Bad weather previously prevented efforts to free the ship - but a salvage team is now preparing to use cranes to lift it from the reef.
The team has already removed 15,000 gallons of fuel to prevent spillage and lighten the vessel.
The U.S. Pacific Fleet has apologised for the accident and the damage caused to Tubbataha Reef, but activists want to make an example of them.
(SOUNDBITE) (English) WORLD WILDLIFE FUND COMMUNICATIONS MANAGER GREGG YAN SAYING:
"This sets a precedent for all other incursions into, not just our waters but our marine parks. Now, if these guys get away, sail off into the sunset, without nothing, without so much as a slap on the hand for what they did, then what's to stop any other U.S. ship, any other Chinese ship, any other poaching boat, from going into Tubbataha or Apo Reef, or any of our other parks and doing what they want?"
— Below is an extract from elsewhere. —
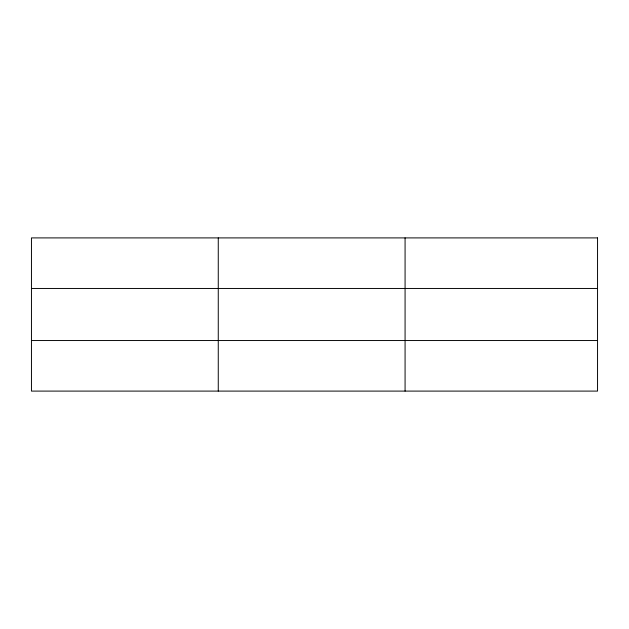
<?xml version="1.0" encoding="UTF-8"?>
<svg xmlns="http://www.w3.org/2000/svg" width="629" height="629" viewBox="0 0 629 629"><rect width="100%" height="100%" fill="white"/><g stroke="black" fill="none" stroke-linecap="round" stroke-linejoin="round"><path stroke-width="0.94" d="M218.263 391.096L218.263 237.904M405.076 391.096L405.076 237.904M31.45 288.459L597.55 288.459M31.45 340.541L597.55 340.541M597.55 237.904L597.55 391.096L31.45 391.096L31.45 237.904L597.55 237.904"/></g></svg>

Tubbataha Reef is a UNESCO World Heritage Site treasured for its rich biodiversity.
Water tests have not shown any toxic contamination thus far.
Based on an environmental protection act, the U.S. could be held liable for the equivalent of nearly $1 million U.S. dollars for reef damage.
An American naval official said they were investigating whether faulty data and navigational maps may have caused the ship to run aground.